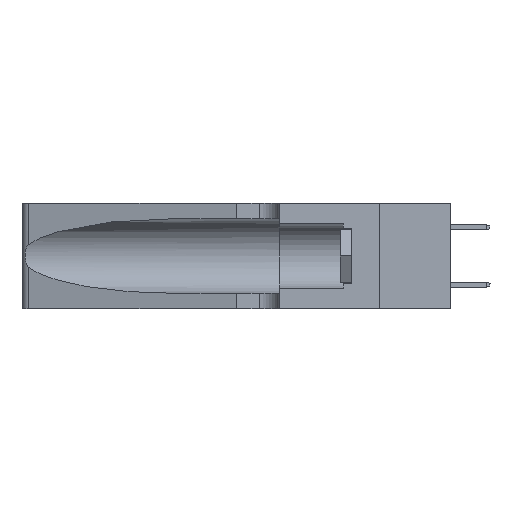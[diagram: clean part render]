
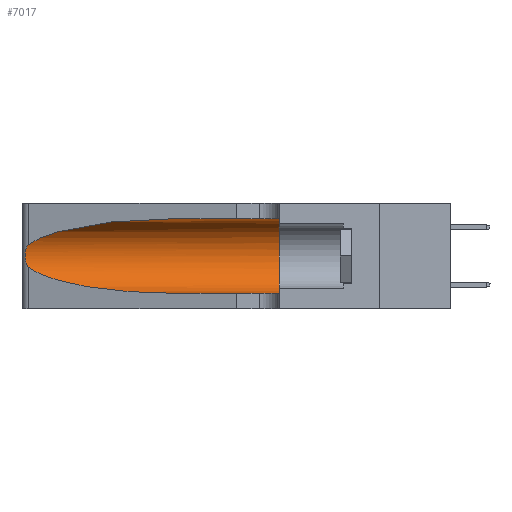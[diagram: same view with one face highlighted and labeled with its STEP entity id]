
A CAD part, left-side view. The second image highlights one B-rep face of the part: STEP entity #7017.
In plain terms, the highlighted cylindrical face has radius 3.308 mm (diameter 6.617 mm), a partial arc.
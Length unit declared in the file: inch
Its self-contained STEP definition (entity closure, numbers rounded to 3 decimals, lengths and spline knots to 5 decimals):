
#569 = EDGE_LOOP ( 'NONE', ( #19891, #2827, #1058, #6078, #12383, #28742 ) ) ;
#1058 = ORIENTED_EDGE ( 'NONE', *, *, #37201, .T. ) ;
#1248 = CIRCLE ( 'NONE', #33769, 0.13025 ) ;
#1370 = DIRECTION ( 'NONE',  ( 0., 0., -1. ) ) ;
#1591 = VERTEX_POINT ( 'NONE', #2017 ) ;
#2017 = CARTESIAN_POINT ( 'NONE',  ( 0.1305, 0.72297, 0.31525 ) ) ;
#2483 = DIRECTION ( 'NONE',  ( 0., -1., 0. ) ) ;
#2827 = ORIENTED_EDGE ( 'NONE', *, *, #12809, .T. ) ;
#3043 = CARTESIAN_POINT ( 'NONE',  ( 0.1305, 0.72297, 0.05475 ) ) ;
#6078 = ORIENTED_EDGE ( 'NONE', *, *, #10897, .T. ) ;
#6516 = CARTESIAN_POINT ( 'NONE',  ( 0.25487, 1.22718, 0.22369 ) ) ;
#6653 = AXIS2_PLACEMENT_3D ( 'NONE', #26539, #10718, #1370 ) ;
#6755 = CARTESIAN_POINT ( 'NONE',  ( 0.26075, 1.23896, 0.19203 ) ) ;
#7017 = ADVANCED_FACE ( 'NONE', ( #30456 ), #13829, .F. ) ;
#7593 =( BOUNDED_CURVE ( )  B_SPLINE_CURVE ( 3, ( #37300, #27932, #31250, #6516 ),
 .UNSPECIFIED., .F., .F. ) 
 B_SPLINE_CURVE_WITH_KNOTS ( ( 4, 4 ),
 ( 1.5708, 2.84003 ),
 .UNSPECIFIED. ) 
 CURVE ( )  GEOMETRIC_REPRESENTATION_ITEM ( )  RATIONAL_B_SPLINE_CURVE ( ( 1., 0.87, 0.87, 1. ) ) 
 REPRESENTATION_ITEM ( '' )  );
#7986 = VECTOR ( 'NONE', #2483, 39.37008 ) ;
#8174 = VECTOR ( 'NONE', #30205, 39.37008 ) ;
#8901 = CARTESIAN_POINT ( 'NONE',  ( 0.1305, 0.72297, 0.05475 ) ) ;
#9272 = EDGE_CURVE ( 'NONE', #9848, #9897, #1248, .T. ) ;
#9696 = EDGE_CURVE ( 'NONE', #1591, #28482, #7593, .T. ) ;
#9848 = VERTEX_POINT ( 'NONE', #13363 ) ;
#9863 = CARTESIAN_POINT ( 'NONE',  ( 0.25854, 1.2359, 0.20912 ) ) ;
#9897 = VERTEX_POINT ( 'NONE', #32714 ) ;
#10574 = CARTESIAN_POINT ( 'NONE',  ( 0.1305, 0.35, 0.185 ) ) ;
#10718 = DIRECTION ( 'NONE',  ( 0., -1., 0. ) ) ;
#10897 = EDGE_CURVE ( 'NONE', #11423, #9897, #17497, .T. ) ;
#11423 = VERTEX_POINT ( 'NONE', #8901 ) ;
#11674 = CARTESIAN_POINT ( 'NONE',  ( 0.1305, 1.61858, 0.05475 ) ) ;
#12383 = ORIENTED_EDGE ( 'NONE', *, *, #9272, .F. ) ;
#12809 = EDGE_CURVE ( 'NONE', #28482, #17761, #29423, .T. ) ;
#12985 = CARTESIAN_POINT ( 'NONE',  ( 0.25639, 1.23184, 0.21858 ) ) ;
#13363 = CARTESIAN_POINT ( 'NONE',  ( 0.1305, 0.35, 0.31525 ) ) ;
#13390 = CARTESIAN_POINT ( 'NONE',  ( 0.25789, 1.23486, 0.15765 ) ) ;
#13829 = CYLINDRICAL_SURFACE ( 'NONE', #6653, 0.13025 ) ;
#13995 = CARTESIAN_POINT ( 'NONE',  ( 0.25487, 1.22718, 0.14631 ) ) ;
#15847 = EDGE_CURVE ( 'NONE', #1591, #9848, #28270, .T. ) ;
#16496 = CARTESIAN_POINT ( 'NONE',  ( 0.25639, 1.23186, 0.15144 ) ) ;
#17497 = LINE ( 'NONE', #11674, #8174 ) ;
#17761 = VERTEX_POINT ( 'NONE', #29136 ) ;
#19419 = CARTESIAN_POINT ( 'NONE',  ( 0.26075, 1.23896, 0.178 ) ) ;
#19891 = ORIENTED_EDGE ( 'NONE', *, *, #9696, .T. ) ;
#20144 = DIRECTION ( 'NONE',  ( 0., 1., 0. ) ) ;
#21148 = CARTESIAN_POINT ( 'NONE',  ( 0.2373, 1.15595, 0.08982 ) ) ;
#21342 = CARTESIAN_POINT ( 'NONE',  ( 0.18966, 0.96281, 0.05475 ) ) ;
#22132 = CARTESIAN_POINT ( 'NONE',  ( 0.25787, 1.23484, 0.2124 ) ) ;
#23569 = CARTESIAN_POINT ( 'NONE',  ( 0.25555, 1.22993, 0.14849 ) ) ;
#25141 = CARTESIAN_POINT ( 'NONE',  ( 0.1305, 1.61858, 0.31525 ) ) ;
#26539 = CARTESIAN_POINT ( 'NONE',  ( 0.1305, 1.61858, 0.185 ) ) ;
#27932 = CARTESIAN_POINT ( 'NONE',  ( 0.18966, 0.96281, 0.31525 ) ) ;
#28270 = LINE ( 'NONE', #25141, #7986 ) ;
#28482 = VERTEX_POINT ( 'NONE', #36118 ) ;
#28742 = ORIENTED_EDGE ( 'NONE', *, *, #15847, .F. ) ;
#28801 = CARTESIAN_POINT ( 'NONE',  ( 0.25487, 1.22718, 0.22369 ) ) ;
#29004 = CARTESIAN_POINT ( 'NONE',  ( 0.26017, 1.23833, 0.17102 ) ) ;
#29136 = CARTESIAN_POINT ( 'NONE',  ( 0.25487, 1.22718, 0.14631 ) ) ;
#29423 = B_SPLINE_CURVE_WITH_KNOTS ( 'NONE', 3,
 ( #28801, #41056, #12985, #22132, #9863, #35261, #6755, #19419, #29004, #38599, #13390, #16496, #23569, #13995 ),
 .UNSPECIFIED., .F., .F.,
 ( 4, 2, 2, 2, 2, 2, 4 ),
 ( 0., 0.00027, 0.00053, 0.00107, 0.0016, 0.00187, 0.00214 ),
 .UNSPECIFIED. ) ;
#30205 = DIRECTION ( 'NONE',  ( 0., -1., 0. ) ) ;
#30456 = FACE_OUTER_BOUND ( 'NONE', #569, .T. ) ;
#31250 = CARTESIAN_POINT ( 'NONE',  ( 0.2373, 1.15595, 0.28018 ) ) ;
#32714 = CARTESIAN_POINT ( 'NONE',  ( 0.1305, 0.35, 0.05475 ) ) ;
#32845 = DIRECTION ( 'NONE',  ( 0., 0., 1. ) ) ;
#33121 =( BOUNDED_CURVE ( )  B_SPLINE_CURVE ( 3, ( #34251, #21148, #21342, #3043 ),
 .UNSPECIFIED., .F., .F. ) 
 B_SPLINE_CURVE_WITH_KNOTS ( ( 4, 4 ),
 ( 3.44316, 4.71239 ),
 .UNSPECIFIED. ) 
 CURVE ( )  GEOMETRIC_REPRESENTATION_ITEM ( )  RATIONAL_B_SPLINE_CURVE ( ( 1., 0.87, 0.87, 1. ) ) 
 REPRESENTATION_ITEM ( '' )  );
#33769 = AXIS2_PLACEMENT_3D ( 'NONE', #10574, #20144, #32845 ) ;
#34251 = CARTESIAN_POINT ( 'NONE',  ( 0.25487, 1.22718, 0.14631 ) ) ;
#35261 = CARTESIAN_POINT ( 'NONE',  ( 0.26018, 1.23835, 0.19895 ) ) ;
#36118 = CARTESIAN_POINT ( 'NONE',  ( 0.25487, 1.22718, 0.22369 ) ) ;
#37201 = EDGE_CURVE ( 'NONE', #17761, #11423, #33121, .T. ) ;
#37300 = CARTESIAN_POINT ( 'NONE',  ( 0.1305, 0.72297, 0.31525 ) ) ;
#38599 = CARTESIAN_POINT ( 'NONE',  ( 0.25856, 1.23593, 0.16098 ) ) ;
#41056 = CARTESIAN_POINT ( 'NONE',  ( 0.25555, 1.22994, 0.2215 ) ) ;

#####

→ EXERCISE: Repeat, character for character, the lines of the material above from the line with "#3043 = CARTESIAN_POINT" through the line with "#13829 = CYLINDRICAL_SURFACE".

→ RESPONSE:
#3043 = CARTESIAN_POINT ( 'NONE',  ( 0.1305, 0.72297, 0.05475 ) ) ;
#6078 = ORIENTED_EDGE ( 'NONE', *, *, #10897, .T. ) ;
#6516 = CARTESIAN_POINT ( 'NONE',  ( 0.25487, 1.22718, 0.22369 ) ) ;
#6653 = AXIS2_PLACEMENT_3D ( 'NONE', #26539, #10718, #1370 ) ;
#6755 = CARTESIAN_POINT ( 'NONE',  ( 0.26075, 1.23896, 0.19203 ) ) ;
#7017 = ADVANCED_FACE ( 'NONE', ( #30456 ), #13829, .F. ) ;
#7593 =( BOUNDED_CURVE ( )  B_SPLINE_CURVE ( 3, ( #37300, #27932, #31250, #6516 ),
 .UNSPECIFIED., .F., .F. ) 
 B_SPLINE_CURVE_WITH_KNOTS ( ( 4, 4 ),
 ( 1.5708, 2.84003 ),
 .UNSPECIFIED. ) 
 CURVE ( )  GEOMETRIC_REPRESENTATION_ITEM ( )  RATIONAL_B_SPLINE_CURVE ( ( 1., 0.87, 0.87, 1. ) ) 
 REPRESENTATION_ITEM ( '' )  );
#7986 = VECTOR ( 'NONE', #2483, 39.37008 ) ;
#8174 = VECTOR ( 'NONE', #30205, 39.37008 ) ;
#8901 = CARTESIAN_POINT ( 'NONE',  ( 0.1305, 0.72297, 0.05475 ) ) ;
#9272 = EDGE_CURVE ( 'NONE', #9848, #9897, #1248, .T. ) ;
#9696 = EDGE_CURVE ( 'NONE', #1591, #28482, #7593, .T. ) ;
#9848 = VERTEX_POINT ( 'NONE', #13363 ) ;
#9863 = CARTESIAN_POINT ( 'NONE',  ( 0.25854, 1.2359, 0.20912 ) ) ;
#9897 = VERTEX_POINT ( 'NONE', #32714 ) ;
#10574 = CARTESIAN_POINT ( 'NONE',  ( 0.1305, 0.35, 0.185 ) ) ;
#10718 = DIRECTION ( 'NONE',  ( 0., -1., 0. ) ) ;
#10897 = EDGE_CURVE ( 'NONE', #11423, #9897, #17497, .T. ) ;
#11423 = VERTEX_POINT ( 'NONE', #8901 ) ;
#11674 = CARTESIAN_POINT ( 'NONE',  ( 0.1305, 1.61858, 0.05475 ) ) ;
#12383 = ORIENTED_EDGE ( 'NONE', *, *, #9272, .F. ) ;
#12809 = EDGE_CURVE ( 'NONE', #28482, #17761, #29423, .T. ) ;
#12985 = CARTESIAN_POINT ( 'NONE',  ( 0.25639, 1.23184, 0.21858 ) ) ;
#13363 = CARTESIAN_POINT ( 'NONE',  ( 0.1305, 0.35, 0.31525 ) ) ;
#13390 = CARTESIAN_POINT ( 'NONE',  ( 0.25789, 1.23486, 0.15765 ) ) ;
#13829 = CYLINDRICAL_SURFACE ( 'NONE', #6653, 0.13025 ) ;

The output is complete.